# How to Overclock Intel Core 2 Duo E4700



## G.Ashwinkumar (Dec 22, 2013)

I own a very old Cpu the Intel Core 2 Duo E4700 @ 2.60 Ghz. I'm going to get a new pc next year but still want to use this one to the max. I want to know how to overclock this cpu with stock coolers i don't need an extreme overclocking if i could take it up to 3.2Ghz it would be good for me( Remember currently i don't want to invest my money on anything). Please don't give me links to general core 2 duo overclocking i tried to read and understand them but they simply are too complex so just say me how to overclock this one !

Motherboard: MS 7525 Version 1.0
Ram: 2*2Gig DDR2 Ram
OS: Windows 7 ultimate 64bit. 
Bios: Brand Phoenix Technologies, LTD, Version


----------



## rijinpk1 (Dec 22, 2013)

dont try to overclock with stock cooler. get a good after market cooler before proceeding further.anyway the performance improvement will not be that higher.
you can change the base clock little by little(say an increase in amount by 5) to overclock your cpu. i dont know how good is your mobo and better do not try it with stock cooler atleast. also do keep an eye on temperature.


----------



## AbhMkh (Mar 30, 2014)

G.Ashwinkumar said:


> I own a very old Cpu the Intel Core 2 Duo E4700 @ 2.60 Ghz. I'm going to get a new pc next year but still want to use this one to the max.
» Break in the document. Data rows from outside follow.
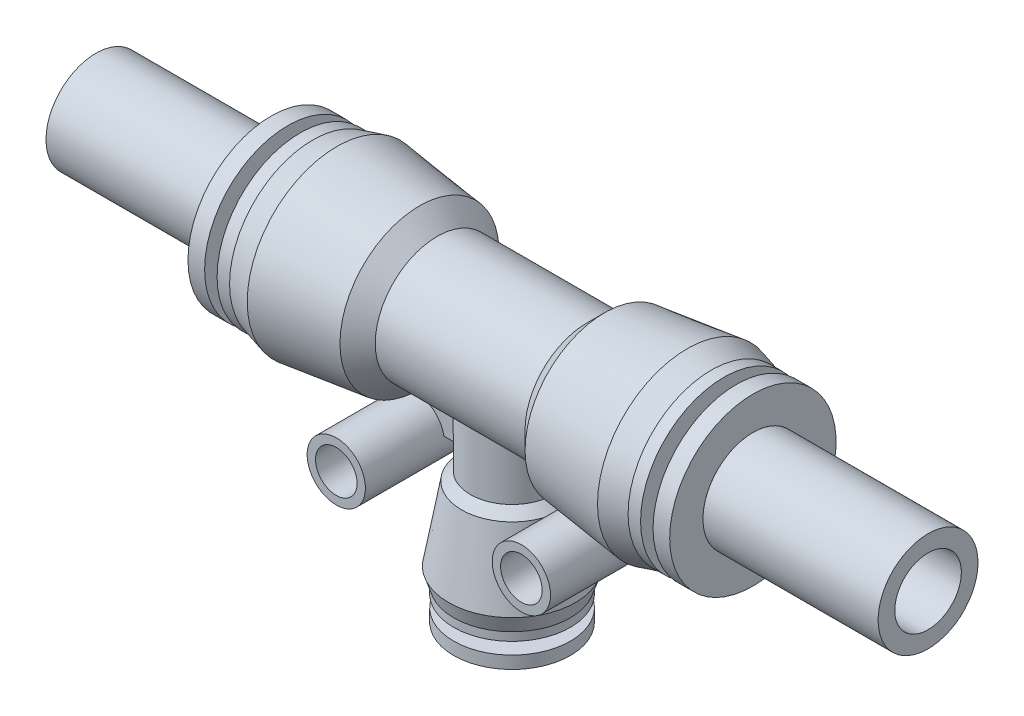
SolidWorks part; units mm, degrees
ref_plane "前视基准面" through (0, 0, 0) normal (0, 0, 1) x (1, 0, 0)
ref_plane "上视基准面" through (0, 0, 0) normal (0, 1, 0) x (1, 0, 0)
ref_plane "右视基准面" through (0, 0, 0) normal (1, 0, 0) x (0, 0, -1)
sketch "草图1" plane through (0, 0, 0) normal (0, 0, 1) x (1, 0, 0)
  line L0 (0, 0) -> (50.9152, 0) construction
  line L1 (0, -1.4364) -> (0, -23.0096) construction
  line L2 (-9, 0) -> (9, 0)
  line L3 (9, 0) -> (11.1213, 2.1213)
  line L4 (11.1213, 2.1213) -> (21.0468, 3.34)
  line L5 (21.0468, 3.34) -> (23.9446, 2.5636)
  line L6 (23.9446, 2.5636) -> (25.4446, 2.5636)
  line L7 (25.4446, 2.5636) -> (25.4446, -0.9332)
  line L8 (25.4446, -1.4364) -> (26.9446, -1.4364)
  line L9 (26.9446, -0.9332) -> (26.9446, 2.5636)
  line L10 (26.9446, 2.5636) -> (28.9446, 2.5636)
  line L11 (28.9446, 2.5636) -> (28.9446, -1.4364)
  line L12 (28.9446, -1.4364) -> (26.9446, -1.4364)
  line L13 (25.4446, -0.9332) -> (26.9446, -0.9332)
  line L14 (-35.5607, -7.4364) -> (35.5607, -7.4364) construction
  line L15 (25.4446, -1.4364) -> (-25.4446, -1.4364)
  line L17 (-25.4446, -0.9332) -> (-26.9446, -0.9332)
  line L18 (-28.9446, -1.4364) -> (-26.9446, -1.4364)
  line L19 (-28.9446, 2.5636) -> (-28.9446, -1.4364)
  line L20 (-26.9446, 2.5636) -> (-28.9446, 2.5636)
  line L21 (-26.9446, -0.9332) -> (-26.9446, 2.5636)
  line L22 (-25.4446, -1.4364) -> (-26.9446, -1.4364)
  line L23 (-25.4446, 2.5636) -> (-25.4446, -0.9332)
  line L24 (-23.9446, 2.5636) -> (-25.4446, 2.5636)
  line L25 (-21.0468, 3.34) -> (-23.9446, 2.5636)
  line L26 (-11.1213, 2.1213) -> (-21.0468, 3.34)
  line L27 (-9, 0) -> (-11.1213, 2.1213)
  point P20 (0, -7.4364)
  dimension "D1" = 9
  dimension "D2" = 3
  dimension "D3" = 10
  dimension "D4" = 3
  dimension "D5" = 1.5
  dimension "D6" = 1.5
  dimension "D7" = 2
  dimension "D8" = 4
  dimension "D9" = 6
revolve "旋转1" add sketch "草图1" angle 360 about L14
sketch "草图2" plane through (0, 0, 0) normal (0, 0, 1) x (1, 0, 0)
  line L0 (4, -14.8729) -> (5, -14.8729)
  line L1 (-9, -14.8729) -> (9, -14.8729) construction
  line L2 (5, -14.8729) -> (5, -19.8729)
  line L3 (5, -19.8729) -> (6.0607, -20.9335)
  line L4 (6.0607, -20.9335) -> (7.6235, -29.7968)
  line L5 (7.6235, -29.7968) -> (7.0015, -31.6976)
  line L6 (7.0015, -31.6976) -> (7.0015, -32.6976)
  line L7 (7.0015, -32.6976) -> (4.6372, -32.6976)
  line L8 (4.0049, -32.5553) -> (4.0049, -34.0553)
  line L9 (4.6372, -34.1265) -> (7.004, -34.1265)
  line L10 (7.004, -34.1265) -> (7.004, -35.6265)
  line L11 (7.004, -35.6265) -> (4.004, -35.6265)
  line L12 (4, -14.8729) -> (4, -29.6087)
  line L13 (4, -29.6087) -> (4.0049, -32.5553)
  line L14 (4, -14.8729) -> (5, -14.8729)
  line L15 (4.0049, -34.0553) -> (4.004, -35.6265)
  line L16 (4.6372, -32.6976) -> (4.6372, -34.1265)
  line L17 (0, 0) -> (0, -22.387) construction
  dimension "D2" = 5
  dimension "D3" = 1.5
  dimension "D4" = 9
  dimension "D5" = 2
  dimension "D6" = 1
  dimension "D7" = 1.5
  dimension "D8" = 1.5
  dimension "D9" = 3
  dimension "D10" = 3
  dimension "D11" = 3
  dimension "D12" = 1
revolve "旋转2" add sketch "草图2" angle 360 about L17 region at (5.3442, -26.7959, 0) other way angle 360
ref_plane "基准面1" through (0, -14.8729, 0) normal (0, 1, 0) x (1, 0, 0)
sketch "草图4" plane through (0, -14.8729, 0) normal (0, 1, 0) x (1, 0, 0)
  circle A0 centre (0, 0) radius 5
  circle A1 centre (0, 0) radius 4
extrude "凸台-拉伸1" add sketch "草图4" along normal up to surface up to face at (-9, -7.4364, 7.4364)
sketch "草图5" plane through (0, 0, 0) normal (0, 0, 1) x (1, 0, 0)
  line L0 (0, 0) -> (0, -41.7568) construction
  line L2 (11.1213, -16.9942) -> (21.0468, -18.2129) construction
  line L4 (5, -14.8729) -> (5, -19.8729)
  line L5 (55, -14.8729) -> (-55, -14.8729) construction
  line L7 (5, -19.8729) -> (5, -14.8729) construction
  line L9 (5, -19.8729) -> (7.6818, -19.8729)
  line L11 (11.1213, -17.0205) -> (9, -14.8729)
  line L12 (9, -14.8729) -> (11.1213, -16.9942) construction
  line L13 (9, -14.8729) -> (5, -14.8729)
  line L14 (-11.1213, -17.0205) -> (-9, -14.8729)
  line L15 (-9, -14.8729) -> (-5, -14.8729)
  line L16 (-5, -14.8729) -> (-5, -19.8729)
  line L17 (-5, -19.8729) -> (-7.6818, -19.8729)
  circle A0 centre (11.1213, -20.5205) radius 3.5
  circle A1 centre (11.1213, -20.5205) radius 2.5
  circle A2 centre (-11.1213, -20.5205) radius 2.5
  circle A3 centre (-11.1213, -20.5205) radius 3.5
  dimension "D1" = 7
extrude "凸台-拉伸5" add sketch "草图5" along normal mid plane 20 separate body contours A3 A2 | A0 A1 region at (8.9503, -17.9026, 0) region at (-8.9503, -17.9026, 0)
extrude "凸台-拉伸7" add sketch "草图5<9>" along normal mid plane 1 contours L14 A3 L17 L16 L15 | A0 L11 L13 L4 L9 region at (7.2239, -17.1075, 0) region at (-7.2239, -17.1075, 0)
sketch "草图5<9>" plane through (0, 0, 0) normal (0, 0, 1) x (1, 0, 0) same geometry as "草图5"
ref_plane "基准面2" through (0, -35.6265, 0) normal (0, -1, 0) x (-1, 0, 0)
sketch "草图8" plane through (0, -35.6265, 0) normal (0, -1, 0) x (-1, 0, 0)
  circle A0 centre (0, 0) radius 4
extrude "切除-拉伸1" cut sketch "草图8" against normal blind 27
ref_plane "基准面4" through (-28.9446, 0, 0) normal (-1, 0, 0) x (0, 0, 1)
sketch "草图11" plane through (-28.9446, 0, 0) normal (-1, 0, 0) x (0, 0, 1)
  circle A0 centre (0, -7.4364) radius 6
  circle A1 centre (0, -7.4364) radius 4
extrude "凸台-拉伸8" add sketch "草图11" along normal blind 21.06 separate body
ref_plane "基准面6" through (28.9446, 0, 0) normal (1, 0, 0) x (0, 0, -1)
sketch "草图13" plane through (28.9446, 0, 0) normal (1, 0, 0) x (0, 0, -1)
  circle A0 centre (0, -7.4364) radius 6
  circle A1 centre (0, -7.4364) radius 4
extrude "凸台-拉伸10" add sketch "草图13" along normal blind 21.05 separate body

I want to know how to overclock this cpu with stock coolers i don't need an extreme overclocking if i could take it up to 3.2Ghz it would be good for me( Remember currently i don't want to invest my money on anything). Please don't give me links to general core 2 duo overclocking i tried to read and understand them but they simply are too complex so just say me how to overclock this one !
> 
> Motherboard: MS 7525 Version 1.0
> Ram: 2*2Gig DDR2 Ram
> ...



I just overclocked an even older processor, the Pentium D 820 from stock 2.8 Ghz to 3.3 Ghz(30 % performance increase in Cinebench R 11.5) on stock cooling.

Let me see If I can help you, Just answer the following questions.

1. Is your system branded or custom assembled

2. Is your BIOS locked or unlocked ?

3. Use SPEEDFAN and tell me your idle CPU temp.

Cheers!
Abhijit


----------